* _WHAT THE EXERCISE ASKS_:
Please return only the lines from the one holding "Matrix Multiply/1 -> Add1/1" through the one holding "[spindown_rwa_cmd_Nm] -> Add1/2", exactly as they appear in the records below, both ends included.

- Opening Delimiter -

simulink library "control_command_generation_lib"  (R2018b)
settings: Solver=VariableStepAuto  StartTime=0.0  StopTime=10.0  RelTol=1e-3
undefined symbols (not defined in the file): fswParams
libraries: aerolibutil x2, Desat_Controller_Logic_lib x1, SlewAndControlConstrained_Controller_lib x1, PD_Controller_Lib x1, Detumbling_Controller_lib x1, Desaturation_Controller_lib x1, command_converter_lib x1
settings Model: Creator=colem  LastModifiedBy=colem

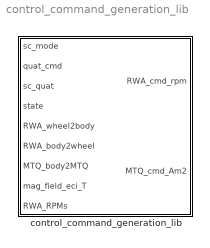
== system control_command_generation_lib ==
  control_command_generation_lib : Subsystem

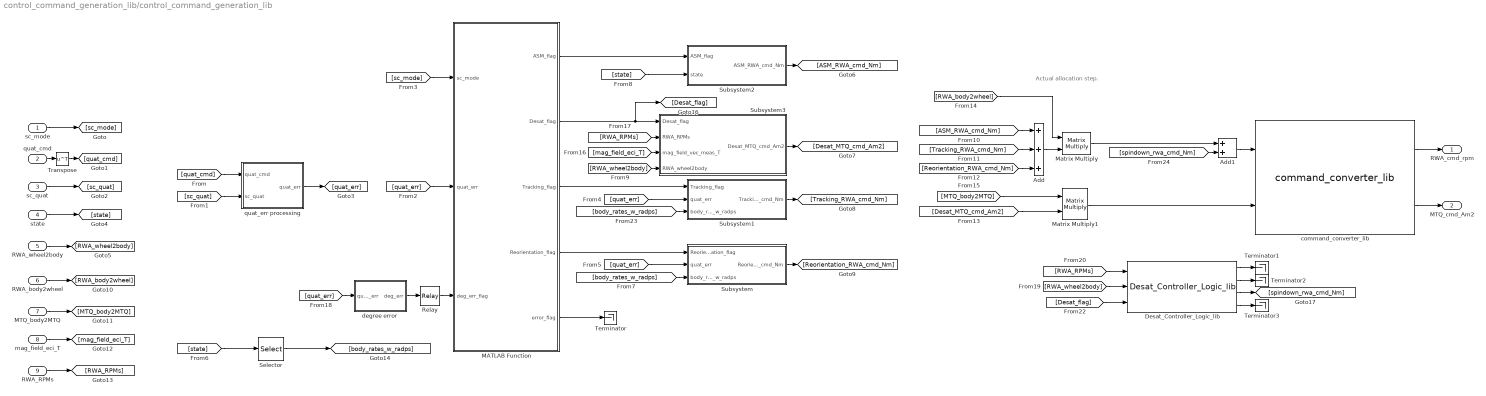
== system control_command_generation_lib/control_command_generation_lib ==
  note: Actual allocation step.
  sc_mode : Inport
  quat_cmd : Inport  Port=2
  sc_quat : Inport  Port=3
  state : Inport  Port=4
  RWA_wheel2body : Inport  Port=5
  RWA_body2wheel : Inport  Port=6
  MTQ_body2MTQ : Inport  Port=7
  mag_field_eci_T : Inport  Port=8
  RWA_RPMs : Inport  Port=9
  Add : Sum  Inputs=3
  Add1 : Sum
  Desat_Controller_Logic_lib : Desat_Controller_Logic_lib/Desat_Controller_Logic_lib  SystemSampleTime=-1
  MATLAB Function : MATLAB Function  TreatAsAtomicUnit=on
  Matrix Multiply : Product  Multiplication=Matrix(*)
  Matrix Multiply1 : Product  Multiplication=Matrix(*)
  Relay : Relay  OnSwitchValue=fswParams.constants.global.reorientation_controller_threshold_max  OffSwitchValue=fswParams.constants.global.reorientation_controller_threshold_max
  Selector : Selector  InputPortWidth=13  IndexOptions=Index vector (dialog)  Indices=[11 12 13]  OutputSizes=1
  Subsystem : Subsystem
  Subsystem1 : Subsystem
  Subsystem2 : Subsystem
  Subsystem3 : Subsystem
  Terminator{,1..3} (4 alike) : Terminator
  Transpose : Math  Operator=transpose  SaturateOnIntegerOverflow=on
  command_converter_lib : command_converter_lib/command_converter_lib  SystemSampleTime=-1
  degree error : Subsystem
  quat_err processing : Subsystem
  RWA_cmd_rpm : Outport
  MTQ_cmd_Am2 : Outport  Port=2
  wires:
  sc_mode/1 -> [sc_mode]
  quat_cmd/1 -> Transpose/1
  sc_quat/1 -> [sc_quat]
  [quat_err] -> MATLAB Function/2(quat_err)
  [sc_mode] -> MATLAB Function/1(sc_mode)
  MATLAB Function/5(error_flag) -> Terminator/1
  [quat_err] -> Subsystem/2(quat_err)
  [body_rates_w_radps] -> Subsystem/3(body_rates_w_radps)
  Subsystem/1(Reorient_RWA_cmd_Nm) -> [Reorientation_RWA_cmd_Nm]
  state/1 -> [state]
  [quat_err] -> Subsystem1/2(quat_err)
  [body_rates_w_radps] -> Subsystem1/3(body_rates_w_radps)
  [state] -> Subsystem2/2(state)
  MATLAB Function/1(ASM_flag) -> Subsystem2/1(ASM_flag)
  MATLAB Function/2(Desat_flag) -> [Desat_flag], Subsystem3/1(Desat_flag)
  RWA_wheel2body/1 -> [RWA_wheel2body]
  [RWA_wheel2body] -> Subsystem3/4(RWA_wheel2body)
  Subsystem2/1(ASM_RWA_cmd_Nm) -> [ASM_RWA_cmd_Nm]
  Subsystem1/1(Tracking_RWA_cmd_Nm) -> [Tracking_RWA_cmd_Nm]
  [ASM_RWA_cmd_Nm] -> Add/1
  [Tracking_RWA_cmd_Nm] -> Add/2
  [Reorientation_RWA_cmd_Nm] -> Add/3
  Add/1 -> Matrix Multiply/2
  [Desat_MTQ_cmd_Am2] -> Matrix Multiply1/2
  command_converter_lib/2 -> MTQ_cmd_Am2/1
  RWA_body2wheel/1 -> [RWA_body2wheel]
  [RWA_body2wheel] -> Matrix Multiply/1
  Matrix Multiply/1 -> Add1/1
  MTQ_body2MTQ/1 -> [MTQ_body2MTQ]
  [MTQ_body2MTQ] -> Matrix Multiply1/1
  Matrix Multiply1/1 -> command_converter_lib/2
  mag_field_eci_T/1 -> [mag_field_eci_T]
  RWA_RPMs/1 -> [RWA_RPMs]
  [mag_field_eci_T] -> Subsystem3/3(mag_field_vec_meas_T)
  Transpose/1 -> [quat_cmd]
  MATLAB Function/3(Tracking_flag) -> Subsystem1/1(Tracking_flag)
  MATLAB Function/4(Reorientation_flag) -> Subsystem/1(Reorientation_flag)
  Subsystem3/1(Desat_MTQ_cmd_Am2) -> [Desat_MTQ_cmd_Am2]
  [RWA_RPMs] -> Subsystem3/2(RWA_RPMs)
  [quat_err] -> degree error/1(quat_err)
  degree error/1(deg_err) -> Relay/1
  Relay/1 -> MATLAB Function/3(deg_err_flag)
  [RWA_wheel2body] -> Desat_Controller_Logic_lib/2
  [RWA_RPMs] -> Desat_Controller_Logic_lib/1
  Desat_Controller_Logic_lib/1 -> Terminator1/1
  Desat_Controller_Logic_lib/3 -> [spindown_rwa_cmd_Nm]
  Desat_Controller_Logic_lib/2 -> Terminator2/1
  [Desat_flag] -> Desat_Controller_Logic_lib/3
  command_converter_lib/1 -> RWA_cmd_rpm/1
  [quat_cmd] -> quat_err processing/1(quat_cmd)
  [sc_quat] -> quat_err processing/2(sc_quat)
  quat_err processing/1(quat_err) -> [quat_err]
  [state] -> Selector/1
  Selector/1 -> [body_rates_w_radps]
  Desat_Controller_Logic_lib/4 -> Terminator3/1
  [spindown_rwa_cmd_Nm] -> Add1/2
  Add1/1 -> command_converter_lib/1

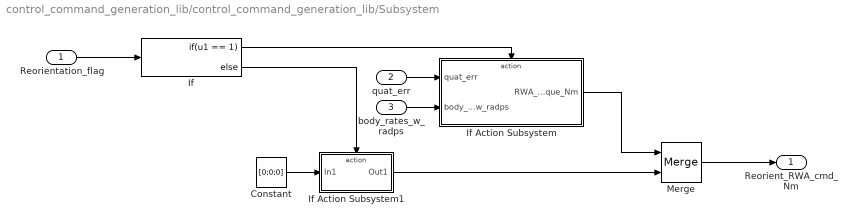
== system control_command_generation_lib/control_command_generation_lib/Subsystem ==
  Reorientation_flag : Inport
  quat_err : Inport  Port=2
  body_rates_w_radps : Inport  Port=3
  Constant : Constant  Value=[0;0;0]
  If : If  IfExpression=u1 == 1
  If Action Subsystem : Subsystem  TreatAsAtomicUnit=on
  If Action Subsystem1 : Subsystem  TreatAsAtomicUnit=on
  Merge : Merge
  Reorient_RWA_cmd_Nm : Outport
  wires:
  quat_err/1 -> If Action Subsystem/1(quat_err)
  Merge/1 -> Reorient_RWA_cmd_Nm/1
  If Action Subsystem1/1(Out1) -> Merge/2
  body_rates_w_radps/1 -> If Action Subsystem/2(body_rates_w_radps)
  If Action Subsystem/1(RWA_cmd_torque_Nm) -> Merge/1
  If/2 -> If Action Subsystem1/Action
  Reorientation_flag/1 -> If/1
  Constant/1 -> If Action Subsystem1/1(In1)
  If/1 -> If Action Subsystem/Action

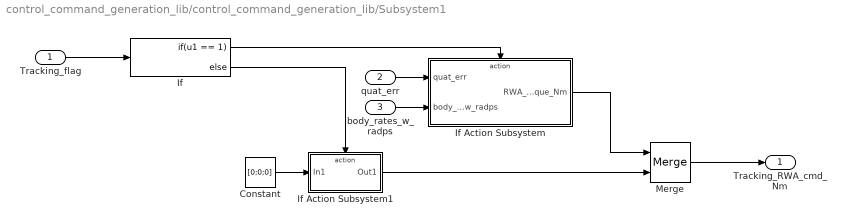
== system control_command_generation_lib/control_command_generation_lib/Subsystem1 ==
  Tracking_flag : Inport
  quat_err : Inport  Port=2
  body_rates_w_radps : Inport  Port=3
  Constant : Constant  Value=[0;0;0]
  If : If  IfExpression=u1 == 1
  If Action Subsystem : Subsystem  TreatAsAtomicUnit=on
  If Action Subsystem1 : Subsystem  TreatAsAtomicUnit=on
  Merge : Merge
  Tracking_RWA_cmd_Nm : Outport
  wires:
  quat_err/1 -> If Action Subsystem/1(quat_err)
  Merge/1 -> Tracking_RWA_cmd_Nm/1
  If Action Subsystem1/1(Out1) -> Merge/2
  body_rates_w_radps/1 -> If Action Subsystem/2(body_rates_w_radps)
  If Action Subsystem/1(RWA_cmd_torque_Nm) -> Merge/1
  If/2 -> If Action Subsystem1/Action
  Tracking_flag/1 -> If/1
  Constant/1 -> If Action Subsystem1/1(In1)
  If/1 -> If Action Subsystem/Action

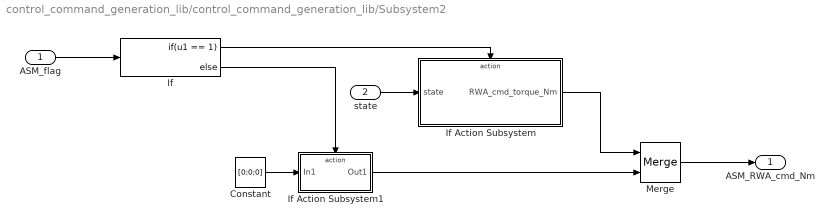
== system control_command_generation_lib/control_command_generation_lib/Subsystem2 ==
  ASM_flag : Inport
  state : Inport  Port=2
  Constant : Constant  Value=[0;0;0]
  If : If  IfExpression=u1 == 1
  If Action Subsystem : Subsystem  TreatAsAtomicUnit=on
  If Action Subsystem1 : Subsystem  TreatAsAtomicUnit=on
  Merge : Merge
  ASM_RWA_cmd_Nm : Outport
  wires:
  Merge/1 -> ASM_RWA_cmd_Nm/1
  If Action Subsystem1/1(Out1) -> Merge/2
  state/1 -> If Action Subsystem/1(state)
  If Action Subsystem/1(RWA_cmd_torque_Nm) -> Merge/1
  If/2 -> If Action Subsystem1/Action
  ASM_flag/1 -> If/1
  Constant/1 -> If Action Subsystem1/1(In1)
  If/1 -> If Action Subsystem/Action

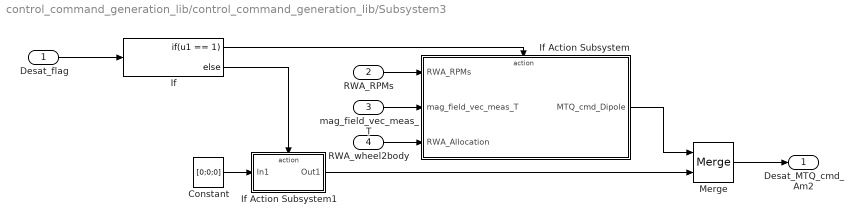
== system control_command_generation_lib/control_command_generation_lib/Subsystem3 ==
  Desat_flag : Inport
  RWA_RPMs : Inport  Port=2
  mag_field_vec_meas_T : Inport  Port=3
  RWA_wheel2body : Inport  Port=4
  Constant : Constant  Value=[0;0;0]
  If : If  IfExpression=u1 == 1
  If Action Subsystem : Subsystem  TreatAsAtomicUnit=on
  If Action Subsystem1 : Subsystem  TreatAsAtomicUnit=on
  Merge : Merge
  Desat_MTQ_cmd_Am2 : Outport
  wires:
  Merge/1 -> Desat_MTQ_cmd_Am2/1
  If Action Subsystem1/1(Out1) -> Merge/2
  RWA_RPMs/1 -> If Action Subsystem/1(RWA_RPMs)
  If Action Subsystem/1(MTQ_cmd_Dipole) -> Merge/1
  If/2 -> If Action Subsystem1/Action
  Desat_flag/1 -> If/1
  Constant/1 -> If Action Subsystem1/1(In1)
  If/1 -> If Action Subsystem/Action
  mag_field_vec_meas_T/1 -> If Action Subsystem/2(mag_field_vec_meas_T)
  RWA_wheel2body/1 -> If Action Subsystem/3(RWA_Allocation)

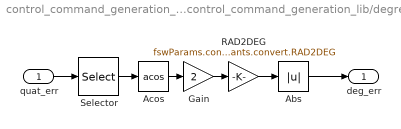
== system control_command_generation_lib/control_command_generation_lib/degree error ==
  quat_err : Inport
  Abs : Abs
  Acos : Trigonometry  Operator=acos
  Gain : Gain  Gain=2
  RAD2DEG : Gain  Gain=fswParams.constants.convert.RAD2DEG
  Selector : Selector  InputPortWidth=4  IndexOptions=Index vector (dialog)  Indices=[1]  OutputSizes=1
  deg_err : Outport
  wires:
  RAD2DEG/1 -> Abs/1
  Gain/1 -> RAD2DEG/1
  Acos/1 -> Gain/1
  Selector/1 -> Acos/1
  Abs/1 -> deg_err/1
  quat_err/1 -> Selector/1

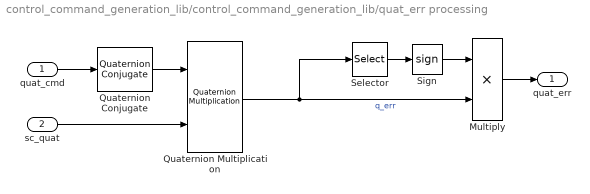
== system control_command_generation_lib/control_command_generation_lib/quat_err processing ==
  quat_cmd : Inport
  sc_quat : Inport  Port=2
  Multiply : Product
  Quaternion Conjugate : aerolibutil/Quaternion Conjugate
      settings: SourceProductName=Aerospace Blockset  SourceProductBaseCode=AE
  Quaternion Multiplication : aerolibutil/Quaternion Multiplication
  Selector : Selector  InputPortWidth=4  IndexOptions=Index vector (dialog)  Indices=[1]  OutputSizes=1
  Sign : Signum
  quat_err : Outport
  wires:
  Quaternion Multiplication/1 -> Multiply/2, Selector/1  "q_err"
  Quaternion Conjugate/1 -> Quaternion Multiplication/1
  Sign/1 -> Multiply/1
  Selector/1 -> Sign/1
  sc_quat/1 -> Quaternion Multiplication/2
  Multiply/1 -> quat_err/1
  quat_cmd/1 -> Quaternion Conjugate/1

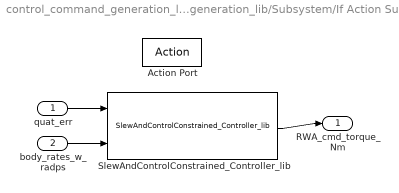
== system control_command_generation_lib/control_command_generation_lib/Subsystem/If Action Subsystem ==
  quat_err : Inport
  body_rates_w_radps : Inport  Port=2
  Action Port : ActionPort  ActionType=then
  SlewAndControlConstrained_Controller_lib : SlewAndControlConstrained_Controller_lib/SlewAndControlConstrained_Controller_lib  SystemSampleTime=-1
  RWA_cmd_torque_Nm : Outport
  wires:
  quat_err/1 -> SlewAndControlConstrained_Controller_lib/1
  body_rates_w_radps/1 -> SlewAndControlConstrained_Controller_lib/2
  SlewAndControlConstrained_Controller_lib/1 -> RWA_cmd_torque_Nm/1

== system control_command_generation_lib/control_command_generation_lib/Subsystem/If Action Subsystem1 ==
  In1 : Inport
  Action Port : ActionPort  ActionType=else
  Out1 : Outport
  wires:
  In1/1 -> Out1/1

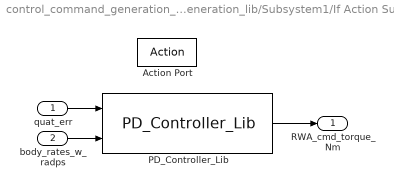
== system control_command_generation_lib/control_command_generation_lib/Subsystem1/If Action Subsystem ==
  quat_err : Inport
  body_rates_w_radps : Inport  Port=2
  Action Port : ActionPort
  PD_Controller_Lib : PD_Controller_Lib/PD_Controller_Lib  SystemSampleTime=-1
  RWA_cmd_torque_Nm : Outport
  wires:
  quat_err/1 -> PD_Controller_Lib/1
  body_rates_w_radps/1 -> PD_Controller_Lib/2
  PD_Controller_Lib/1 -> RWA_cmd_torque_Nm/1

== system control_command_generation_lib/control_command_generation_lib/Subsystem1/If Action Subsystem1 ==
  In1 : Inport
  Action Port : ActionPort
  Out1 : Outport
  wires:
  In1/1 -> Out1/1

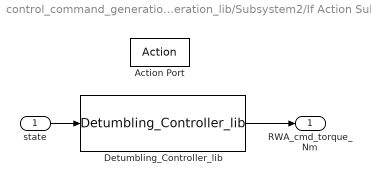
== system control_command_generation_lib/control_command_generation_lib/Subsystem2/If Action Subsystem ==
  state : Inport
  Action Port : ActionPort
  Detumbling_Controller_lib : Detumbling_Controller_lib/Detumbling_Controller_lib  SystemSampleTime=-1
  RWA_cmd_torque_Nm : Outport
  wires:
  state/1 -> Detumbling_Controller_lib/1
  Detumbling_Controller_lib/1 -> RWA_cmd_torque_Nm/1

== system control_command_generation_lib/control_command_generation_lib/Subsystem2/If Action Subsystem1 ==
  In1 : Inport
  Action Port : ActionPort
  Out1 : Outport
  wires:
  In1/1 -> Out1/1

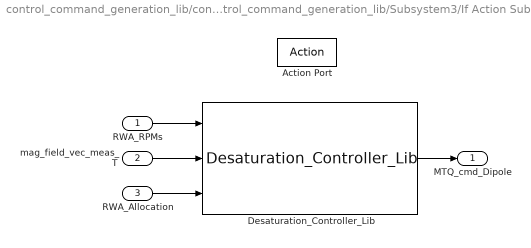
== system control_command_generation_lib/control_command_generation_lib/Subsystem3/If Action Subsystem ==
  RWA_RPMs : Inport
  mag_field_vec_meas_T : Inport  Port=2
  RWA_Allocation : Inport  Port=3
  Action Port : ActionPort
  Desaturation_Controller_Lib : Desaturation_Controller_lib/Desaturation_Controller_Lib  SystemSampleTime=-1
  MTQ_cmd_Dipole : Outport
  wires:
  RWA_RPMs/1 -> Desaturation_Controller_Lib/1
  Desaturation_Controller_Lib/1 -> MTQ_cmd_Dipole/1
  mag_field_vec_meas_T/1 -> Desaturation_Controller_Lib/2
  RWA_Allocation/1 -> Desaturation_Controller_Lib/3

== system control_command_generation_lib/control_command_generation_lib/Subsystem3/If Action Subsystem1 ==
  In1 : Inport
  Action Port : ActionPort
  Out1 : Outport
  wires:
  In1/1 -> Out1/1

== matlab function control_command_generation_lib/MATLAB Function ==
  data: sc_mode input; ASM_flag output; quat_err input; Desat_flag output; Tracking_flag output; Reorientation_flag output; error_flag output; deg_err_flag input
% Logic for selecting the gnc control mode. Based on the sc mode, the
% control scheme is selected.
%
% Author: Cole Morgan 11.07.19
%
% 



function [ASM_flag, Desat_flag, Tracking_flag, Reorientation_flag, error_flag]...
                                        = control_selection_logic(sc_mode, quat_err, deg_err_flag)

%GNC_MODE_LOGIC    GNC sc modes
%
% Chooses controller based on sc mode.
%   mode_logic.low_power        = 1; "safe mode"
%   mode_logic.idle             = 2; "idle/standby mode"
%   mode_logic.stabilize        = 3;
%   mode_logic.nominal          = 4;
%       nominal.desat           = 41;
%       nominal.sun_seek        = 42;
%   mode_logic.point            = 5;
%       point.com               = 51;
%       point.image             = 52;
%       point.exp               = 53;
%
% ----- INPUTS -----
% 
% sc_mode - modes outlined above.
%
% quat_err - error between current and commanded attitude.
%
% ----- OUTPUTS -----
%
% ASM_flag - flag turning Attitude Stabilization (Detumble) controller on/off 
% Desat_flag - flag turning Desaturation controller on/off
% Tracking_flag - flag turning Tracking controller on/off 
% Reorientation_flag - flag turning Large-angle Reorientation controller on/off
% error_flag - indicates this function has failed to find a control scheme
%       when it should have found one.



% Default to no controller selection and some error meaning you didn't ever even trip it.
ASM_flag           = 0;
Desat_flag         = 0;
Tracking_flag      = 0;
Reorientation_flag = 0; 
error_flag         = -1;

% quat_err indicates if large angle reorientation 
% is necessary.
% deg_err is the total error in degrees from the desired
% orientation. If this value is not small, use (or keep using) 
% large-angle reorientation controller until it is small enough to track.
% deg_err = abs(2*acosd(quat_err(1)));

% If sc_mode is not LPM or CLPM
if( sc_mode ~= 1.0 && sc_mode ~= 2.0)
    error_flag = 0;
    
    % engage ASM controller
    if (sc_mode == 3.0)
        ASM_flag = 1;
        
    % engage Desat controller, but Tracking
    % must be maintained.
    elseif (sc_mode == 41.0)
        Desat_flag = 1;
%         Tracking_flag = 1;
        ASM_flag = 1;
        return;
        
    % engage (or keep) Tracking controller engaged in any mode with an  
    % attitude objective. This is the most likely scenario.
    elseif (sc_mode == 42.0 || sc_mode == 51.0 || sc_mode == 52.0 || sc_mode == 53.0)
        Tracking_flag = 1;
        
        % If the angular error is larger than the threshold set in fswParams,
        % (typically less than 3.5 degrees) then a large angle reorientation 
        % is needed.
        if (deg_err_flag) %>= reorientation_controller_threshold)
            Reorientation_flag = 1;
            Tracking_flag = 0;
        end
        
    else
        % indicates we are not in LPM or CLPM and still
        % are not getting a control scheme correctly.
        error_flag = 1;
    end
    
    % Final protection from asking for multiple RWA control schemes.
    % If so, just keep attitude stable.
    check = ASM_flag + Tracking_flag + Reorientation_flag;
    if (check > 1)
        ASM_flag = 1;
        Tracking_flag = 0;
        Reorientation_flag = 0;
        error_flag = 2;
    end
    
    
end

- Closing Delimiter -

* _OUTPUT FOR THIS TASK_:
  Matrix Multiply/1 -> Add1/1
  MTQ_body2MTQ/1 -> [MTQ_body2MTQ]
  [MTQ_body2MTQ] -> Matrix Multiply1/1
  Matrix Multiply1/1 -> command_converter_lib/2
  mag_field_eci_T/1 -> [mag_field_eci_T]
  RWA_RPMs/1 -> [RWA_RPMs]
  [mag_field_eci_T] -> Subsystem3/3(mag_field_vec_meas_T)
  Transpose/1 -> [quat_cmd]
  MATLAB Function/3(Tracking_flag) -> Subsystem1/1(Tracking_flag)
  MATLAB Function/4(Reorientation_flag) -> Subsystem/1(Reorientation_flag)
  Subsystem3/1(Desat_MTQ_cmd_Am2) -> [Desat_MTQ_cmd_Am2]
  [RWA_RPMs] -> Subsystem3/2(RWA_RPMs)
  [quat_err] -> degree error/1(quat_err)
  degree error/1(deg_err) -> Relay/1
  Relay/1 -> MATLAB Function/3(deg_err_flag)
  [RWA_wheel2body] -> Desat_Controller_Logic_lib/2
  [RWA_RPMs] -> Desat_Controller_Logic_lib/1
  Desat_Controller_Logic_lib/1 -> Terminator1/1
  Desat_Controller_Logic_lib/3 -> [spindown_rwa_cmd_Nm]
  Desat_Controller_Logic_lib/2 -> Terminator2/1
  [Desat_flag] -> Desat_Controller_Logic_lib/3
  command_converter_lib/1 -> RWA_cmd_rpm/1
  [quat_cmd] -> quat_err processing/1(quat_cmd)
  [sc_quat] -> quat_err processing/2(sc_quat)
  quat_err processing/1(quat_err) -> [quat_err]
  [state] -> Selector/1
  Selector/1 -> [body_rates_w_radps]
  Desat_Controller_Logic_lib/4 -> Terminator3/1
  [spindown_rwa_cmd_Nm] -> Add1/2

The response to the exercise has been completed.